BEGIN

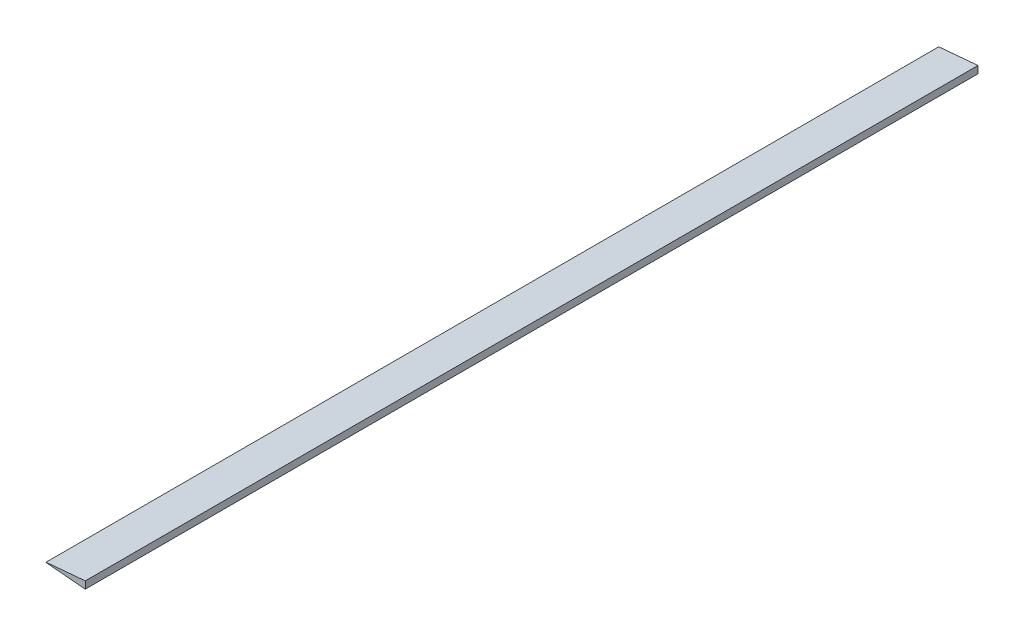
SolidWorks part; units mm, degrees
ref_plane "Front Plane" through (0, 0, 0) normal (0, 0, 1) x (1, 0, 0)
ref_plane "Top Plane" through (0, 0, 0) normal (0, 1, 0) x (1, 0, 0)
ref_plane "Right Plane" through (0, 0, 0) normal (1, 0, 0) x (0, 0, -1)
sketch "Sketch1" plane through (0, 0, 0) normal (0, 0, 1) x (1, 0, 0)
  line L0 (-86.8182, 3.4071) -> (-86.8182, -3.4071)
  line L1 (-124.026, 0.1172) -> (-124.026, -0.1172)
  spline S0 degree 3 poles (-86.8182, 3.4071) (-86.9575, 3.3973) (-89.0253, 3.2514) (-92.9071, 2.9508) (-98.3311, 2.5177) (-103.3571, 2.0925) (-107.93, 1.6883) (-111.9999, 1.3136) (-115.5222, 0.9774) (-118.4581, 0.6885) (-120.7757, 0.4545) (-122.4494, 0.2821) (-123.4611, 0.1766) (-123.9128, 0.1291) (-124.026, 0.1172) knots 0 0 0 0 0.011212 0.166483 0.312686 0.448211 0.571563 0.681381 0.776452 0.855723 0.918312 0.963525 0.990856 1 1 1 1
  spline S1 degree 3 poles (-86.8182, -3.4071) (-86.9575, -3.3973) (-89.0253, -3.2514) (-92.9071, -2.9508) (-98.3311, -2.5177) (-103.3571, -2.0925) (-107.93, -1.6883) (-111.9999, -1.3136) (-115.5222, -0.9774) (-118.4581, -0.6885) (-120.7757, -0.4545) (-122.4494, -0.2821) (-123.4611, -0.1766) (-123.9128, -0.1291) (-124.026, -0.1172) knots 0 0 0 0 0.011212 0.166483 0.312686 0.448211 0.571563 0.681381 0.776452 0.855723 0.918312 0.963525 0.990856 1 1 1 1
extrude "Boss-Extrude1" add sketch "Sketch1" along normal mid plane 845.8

END

● WORK TO BE COMPLETED:
Wherever the word "knots" turns up in the material, copy the whole line.

● ANSWER FOR THE TASK:
  spline S0 degree 3 poles (-86.8182, 3.4071) (-86.9575, 3.3973) (-89.0253, 3.2514) (-92.9071, 2.9508) (-98.3311, 2.5177) (-103.3571, 2.0925) (-107.93, 1.6883) (-111.9999, 1.3136) (-115.5222, 0.9774) (-118.4581, 0.6885) (-120.7757, 0.4545) (-122.4494, 0.2821) (-123.4611, 0.1766) (-123.9128, 0.1291) (-124.026, 0.1172) knots 0 0 0 0 0.011212 0.166483 0.312686 0.448211 0.571563 0.681381 0.776452 0.855723 0.918312 0.963525 0.990856 1 1 1 1
  spline S1 degree 3 poles (-86.8182, -3.4071) (-86.9575, -3.3973) (-89.0253, -3.2514) (-92.9071, -2.9508) (-98.3311, -2.5177) (-103.3571, -2.0925) (-107.93, -1.6883) (-111.9999, -1.3136) (-115.5222, -0.9774) (-118.4581, -0.6885) (-120.7757, -0.4545) (-122.4494, -0.2821) (-123.4611, -0.1766) (-123.9128, -0.1291) (-124.026, -0.1172) knots 0 0 0 0 0.011212 0.166483 0.312686 0.448211 0.571563 0.681381 0.776452 0.855723 0.918312 0.963525 0.990856 1 1 1 1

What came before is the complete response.